Maxwell, who was sentenced to four years in prison after pleading guilty to reduced charges, told Melgar’s widow, Michelle, from the witness stand that he did not live up to his own expectations for himself in allowing the others to proceed with the hazing plan against his friend.
“Logan would have stopped them from doing that to me. I know that for a fact,” Maxwell said during his sentencing trial. “… I betrayed a friend of mine, a fellow American. I betrayed his future.”
Matthews received a one-year prison sentence for his guilty plea to reduced charges. Like DeDolph, Matthews was a member of SEAL Team 6, officially the Naval Special Warfare Development Group. He testified during his sentencing trial in May 2019 that he was visiting Mali to observe operations there and had met Melgar only one day prior to the Green Beret’s death.
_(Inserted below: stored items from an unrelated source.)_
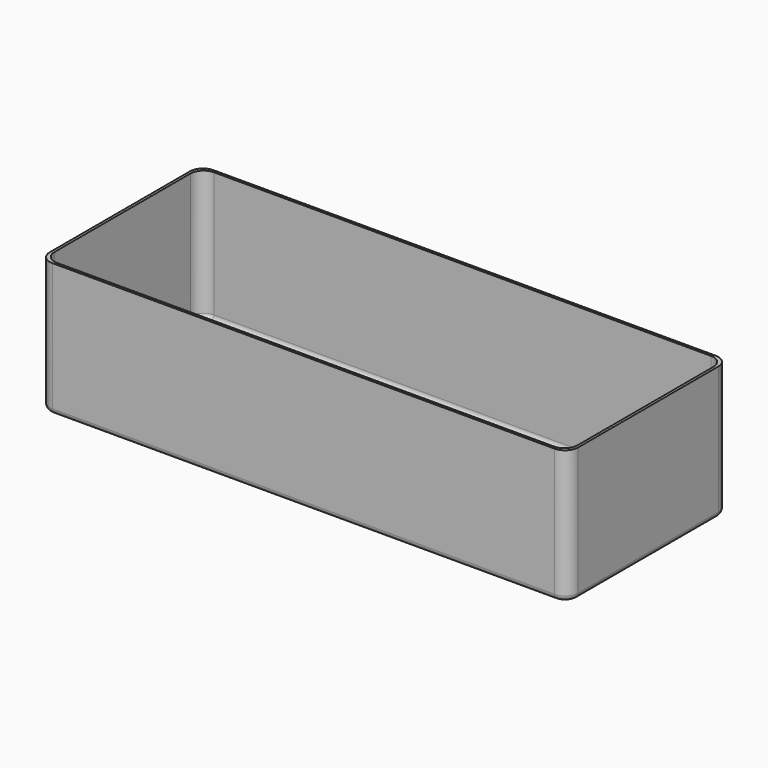
from build123d import *

# Parameters (mm, degrees)
F0_W     = 202
F0_H     = 77
F1_DEPTH = 51
F2_W     = 200
F2_H     = 75
F3_DEPTH = 50
F4_R     = 5
F5_R     = 2


# Not quite as in the source:
# - a feature of the source that left no trace in its solid (it failed there, or was rolled back) is left out


with BuildPart() as f1:
    # F0 (on Top) → F1 (new body)
    with BuildSketch(Plane.XY):
        with Locations((-2.8100872189, -1.361513185)):
            Rectangle(F0_W, F0_H)
    extrude(amount=F1_DEPTH)

    # F2 (on face) → F3 (cut)
    with BuildSketch(Plane.XY.offset(51)):
        with Locations((-2.8100872189, -1.361513185)):
            Rectangle(F2_W, F2_H)
    extrude(amount=-F3_DEPTH, mode=Mode.SUBTRACT)

    # F4
    f4_edges = [f1.edges().sort_by_distance(p)[0] for p in [
        (97.189913, 36.138487, 26),
        (-102.810087, 36.138487, 26),
        (97.189913, -38.861513, 26),
        (-102.810087, -38.861513, 26),
        (98.189913, 37.138487, 25.5),
        (-103.810087, 37.138487, 25.5),
        (98.189913, -39.861513, 25.5),
        (-103.810087, -39.861513, 25.5),
    ]]
    fillet(f4_edges, radius=F4_R)

    # F5
    f5_edges = [f1.edges().sort_by_distance(p)[0] for p in [
        (97.189913, -1.361513, 1),
        (-2.810087, 36.138487, 1),
        (-2.810087, -38.861513, 1),
        (-2.810087, 37.138487, 0),
        (96.725447, 35.674021, 0),
        (-102.345621, 35.674021, 0),
        (98.189913, -1.361513, 0),
        (-103.810087, -1.361513, 0),
        (96.725447, -38.397047, 0),
        (-102.345621, -38.397047, 0),
        (-2.810087, -39.861513, 0),
        (95.725447, -37.397047, 1),
        (95.725447, 34.674021, 1),
        (-101.345621, -37.397047, 1),
        (-101.345621, 34.674021, 1),
        (-102.810087, -1.361513, 1),
    ]]
    fillet(f5_edges, radius=F5_R)


solid = f1.part
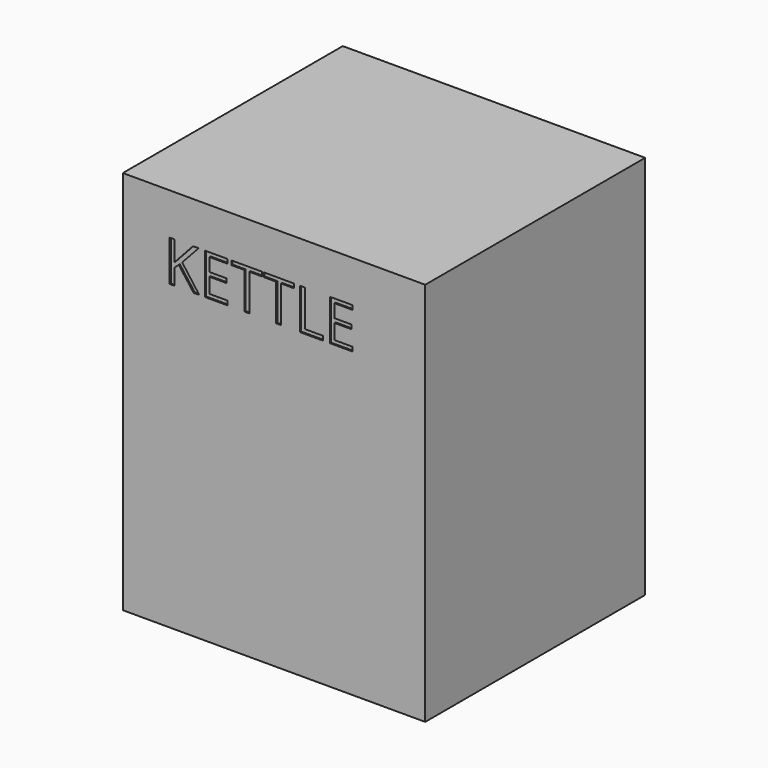
from build123d import *

# Parameters (mm, degrees)
F0_W         = 220
F0_H         = 200
F1_DEPTH     = 280
F2_TEXT_SIZE = 41.6666666667
F3_DEPTH     = 1


# Not quite as in the source:
# - Text() gives the source's letters only with a copy of the font that has no kerning and outlines rounded to 1/6400 em; it was checked with that copy


with BuildPart() as f1:
    # F0 (on Top) → F1 (new body)
    with BuildSketch(Plane.XY):
        Rectangle(F0_W, F0_H)
    extrude(amount=F1_DEPTH)

    # F2 (on face) → F3 (cut)
    with BuildSketch(Plane.XZ.offset(100)):
        with Locations((-80, 220)):
            Text('KETTLE', F2_TEXT_SIZE, font='Open Sans', text_align=(TextAlign.LEFT, TextAlign.BOTTOM))
    extrude(amount=-F3_DEPTH, mode=Mode.SUBTRACT)


solid = f1.part
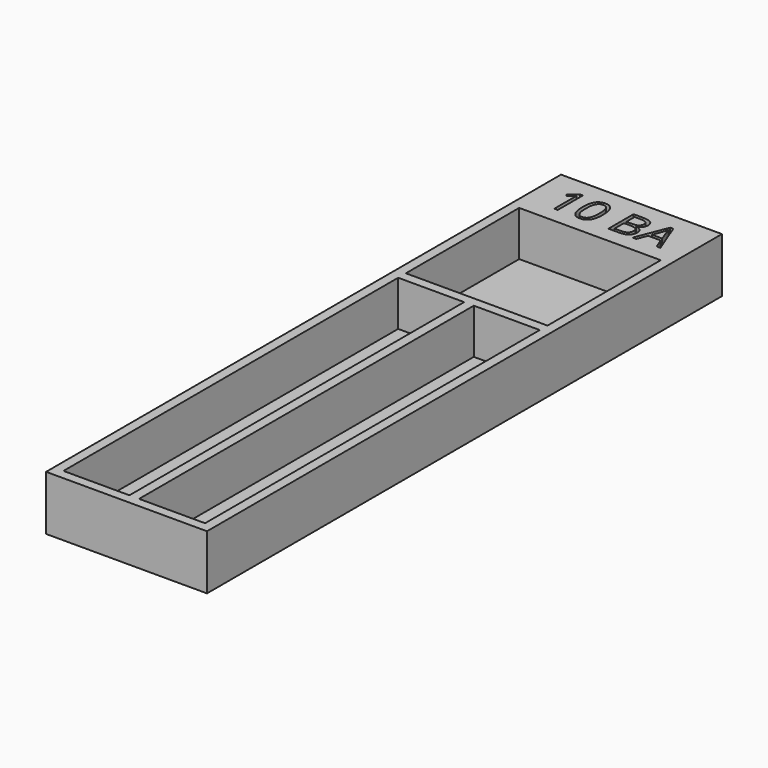
from build123d import *

# Parameters (mm, degrees)
F0_W         = 25
F0_H         = 100
F1_DEPTH     = 0.75
F2_W         = 1.5
F2_H         = 65
F3_DEPTH     = 7
F4_TEXT_SIZE = 6.8289271617
F5_DEPTH     = 1.5


# Not quite as in the source:
# - Text() gives the source's letters only with a copy of the font that has no kerning and outlines rounded to 1/6400 em; it was checked with that copy


with BuildPart() as f1:
    # F0 (on Top) → F1 (new body, symmetric)
    with BuildSketch(Plane.XY):
        with Locations((8.155064851, 32.0954295265)):
            Rectangle(F0_W, F0_H)
    extrude(amount=F1_DEPTH, both=True)

    # F2 (on face) → F3 (join)
    with BuildSketch(Plane.XY.offset(0.75)):
        Polygon((-4.344935149, -17.9045704735), (2.655064851, -17.9045704735), (4.655064851, -17.9045704735), (20.655064851, -17.9045704735), (20.655064851, 82.0954295265), (-4.344935149, 82.0954295265), align=None)
        Polygon((-2.844935149, 50.0954295265), (-2.844935149, 72.0954295265), (19.155064851, 72.0954295265), (19.155064851, 50.0954295265), (19.155064851, 48.5954295265), (19.155064851, -16.4045704735), (8.905064851, -16.4045704735), (7.405064851, -16.4045704735), (-2.844935149, -16.4045704735), (-2.844935149, 48.5954295265), align=None, mode=Mode.SUBTRACT)
        Polygon((19.155064851, 50.0954295265), (-2.844935149, 50.0954295265), (-2.844935149, 48.5954295265), (7.405064851, 48.5954295265), (8.905064851, 48.5954295265), (19.155064851, 48.5954295265), align=None)
        with Locations((8.155064851, 16.0954295265)):
            Rectangle(F2_W, F2_H)
    extrude(amount=F3_DEPTH)

    # F4 (on face) → F5 (cut)
    with BuildSketch(Plane.XY.offset(7.75)):
        with Locations((-1.2309754267, 74.5954295265)):
            Text('10 BA', F4_TEXT_SIZE, font='Open Sans', text_align=(TextAlign.LEFT, TextAlign.BOTTOM))
    extrude(amount=-F5_DEPTH, mode=Mode.SUBTRACT)


solid = f1.part
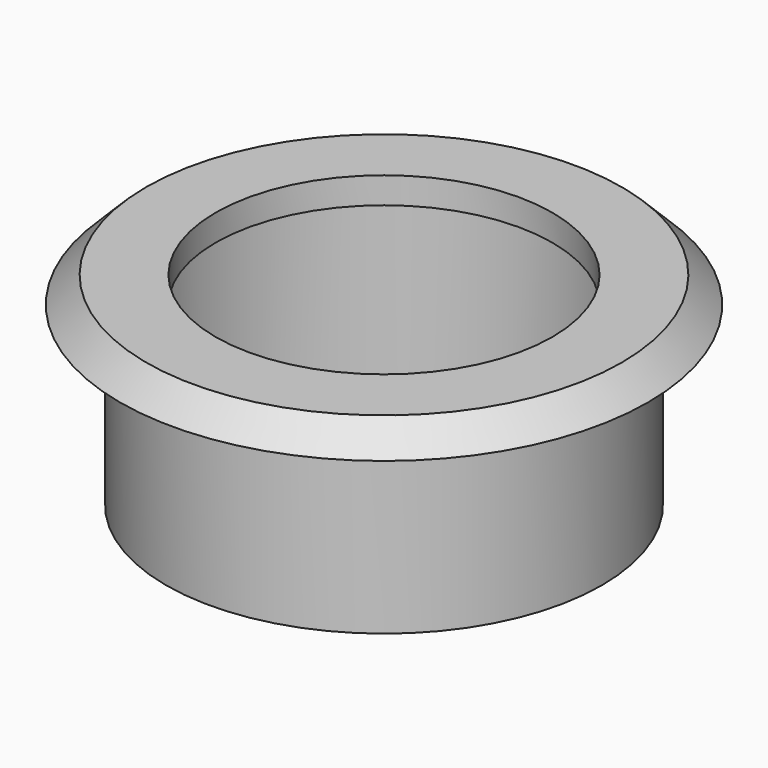
from build123d import *

# Parameters (mm, degrees)
F0_R     = 30
F1_DEPTH = 3
F2_SIZE  = 2.99999
F3_R     = 19.125
F4_DEPTH = 3.001
F5_R     = 24.75
F5_R_2   = 22.75
F6_DEPTH = 20


# Not quite as in the source:
# - a fillet or chamfer is up to 0.001 mm smaller than in the source, because OpenCascade refuses the exact size


with BuildPart() as f1:
    # F0 (on Top) → F1 (new body)
    with BuildSketch(Plane.XY):
        Circle(F0_R)
    extrude(amount=F1_DEPTH)

    # F2 (size 3 in the source; OpenCascade refuses exactly that, so slightly less here)
    f2_edges = [f1.edges().sort_by_distance(p)[0] for p in [
        (-30, 0, 3),
    ]]
    chamfer(f2_edges, length=F2_SIZE)

    # F3 (on face) → F4 (cut, through all)
    with BuildSketch(Plane.XY.offset(3)):
        Circle(F3_R)
    extrude(amount=-F4_DEPTH, mode=Mode.SUBTRACT)

    # F5 (on face) → F6 (join)
    with BuildSketch(Plane(origin=(0, 0, 0), x_dir=(1, 0, 0), z_dir=(0, 0, -1))):
        Circle(F5_R)
        Circle(F5_R_2, mode=Mode.SUBTRACT)
    extrude(amount=F6_DEPTH)


solid = f1.part

“Words cannot express how deeply I regret those events and how remorseful I am,” Matthews testified. “The Navy expected me to be a leader. I am tormented by my complacency at a time when my teammates required my guidance and the situation required bold, corrective action.”
Madera-Rodriguez is expected to go to trial on the original charges in February.
Those who served with Melgar, who was 34 when he died, described him as a fast-rising leader within Army Special Forces who had proven himself in combat in Afghanistan. Melgar joined the Army in 2012 and arrived about one year later at 3rd Special Forces Group at Fort Bragg, N.C., where he was serving as an engineering sergeant.
“He was very mature for a young Special Forces soldier. He was very professional and [quickly] took over leadership responsibilities, ousting other engineering sergeants,” Chief Warrant Officer 2 Kevin Strupkus, who commanded Melgar in Afghanistan, testified in 2019. “I would say the type of meticulousness, professionalism, candor and excitement Logan brought were extremely rare, even among elite operators. Third Group lost a phenomenal operator.”